Task objective: Do not include the pictures; repeat the rest of the data exactly.

Record set:

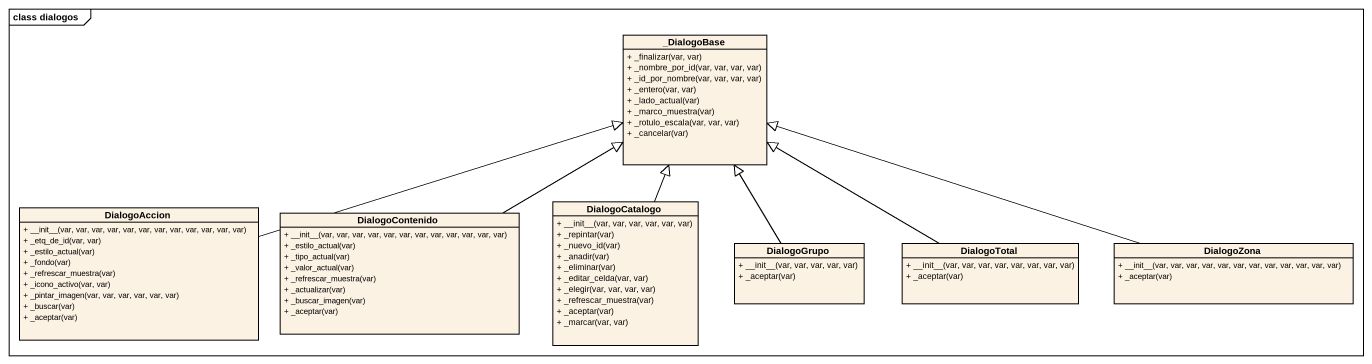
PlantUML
@startuml
mainframe class dialogos
hide circle
hide empty members
skinparam classAttributeIconSize 0
class "_DialogoBase" as DialogoBase {
  + _finalizar(var, var)
  + _nombre_por_id(var, var, var, var)
  + _id_por_nombre(var, var, var, var)
  + _entero(var, var)
  + _lado_actual(var)
  + _marco_muestra(var)
  + _rotulo_escala(var, var, var)
  + _cancelar(var)
}
class DialogoAccion {
  + ~__init~__(var, var, var, var, var, var, var, var, var, var, var, var)
  + _etq_de_id(var, var)
  + _estilo_actual(var)
  + _fondo(var)
  + _refrescar_muestra(var)
  + _icono_activo(var, var)
  + _pintar_imagen(var, var, var, var, var, var)
  + _buscar(var)
  + _aceptar(var)
}
class DialogoContenido {
  + ~__init~__(var, var, var, var, var, var, var, var, var, var, var, var)
  + _estilo_actual(var)
  + _tipo_actual(var)
  + _valor_actual(var)
  + _refrescar_muestra(var)
  + _actualizar(var)
  + _buscar_imagen(var)
  + _aceptar(var)
}
class DialogoCatalogo {
  + ~__init~__(var, var, var, var, var, var)
  + _repintar(var)
  + _nuevo_id(var)
  + _anadir(var)
  + _eliminar(var)
  + _editar_celda(var, var)
  + _elegir(var, var, var, var)
  + _refrescar_muestra(var)
  + _aceptar(var)
  + _marcar(var, var)
}
class DialogoGrupo {
  + ~__init~__(var, var, var, var, var)
  + _aceptar(var)
}
class DialogoTotal {
  + ~__init~__(var, var, var, var, var, var, var, var)
  + _aceptar(var)
}
class DialogoZona {
  + ~__init~__(var, var, var, var, var, var, var, var, var, var, var, var)
  + _aceptar(var)
}
DialogoAccion -right-|> DialogoBase
DialogoContenido -right-|> DialogoBase
DialogoCatalogo -up-|> DialogoBase
DialogoGrupo -up-|> DialogoBase
DialogoTotal -left-|> DialogoBase
DialogoZona -left-|> DialogoBase
@enduml

Result of this task:
PlantUML
@startuml
mainframe class dialogos
hide circle
hide empty members
skinparam classAttributeIconSize 0
class "_DialogoBase" as DialogoBase {
  + _finalizar(var, var)
  + _nombre_por_id(var, var, var, var)
  + _id_por_nombre(var, var, var, var)
  + _entero(var, var)
  + _lado_actual(var)
  + _marco_muestra(var)
  + _rotulo_escala(var, var, var)
  + _cancelar(var)
}
class DialogoAccion {
  + ~__init~__(var, var, var, var, var, var, var, var, var, var, var, var)
  + _etq_de_id(var, var)
  + _estilo_actual(var)
  + _fondo(var)
  + _refrescar_muestra(var)
  + _icono_activo(var, var)
  + _pintar_imagen(var, var, var, var, var, var)
  + _buscar(var)
  + _aceptar(var)
}
class DialogoContenido {
  + ~__init~__(var, var, var, var, var, var, var, var, var, var, var, var)
  + _estilo_actual(var)
  + _tipo_actual(var)
  + _valor_actual(var)
  + _refrescar_muestra(var)
  + _actualizar(var)
  + _buscar_imagen(var)
  + _aceptar(var)
}
class DialogoCatalogo {
  + ~__init~__(var, var, var, var, var, var)
  + _repintar(var)
  + _nuevo_id(var)
  + _anadir(var)
  + _eliminar(var)
  + _editar_celda(var, var)
  + _elegir(var, var, var, var)
  + _refrescar_muestra(var)
  + _aceptar(var)
  + _marcar(var, var)
}
class DialogoGrupo {
  + ~__init~__(var, var, var, var, var)
  + _aceptar(var)
}
class DialogoTotal {
  + ~__init~__(var, var, var, var, var, var, var, var)
  + _aceptar(var)
}
class DialogoZona {
  + ~__init~__(var, var, var, var, var, var, var, var, var, var, var, var)
  + _aceptar(var)
}
DialogoAccion -right-|> DialogoBase
DialogoContenido -right-|> DialogoBase
DialogoCatalogo -up-|> DialogoBase
DialogoGrupo -up-|> DialogoBase
DialogoTotal -left-|> DialogoBase
DialogoZona -left-|> DialogoBase
@enduml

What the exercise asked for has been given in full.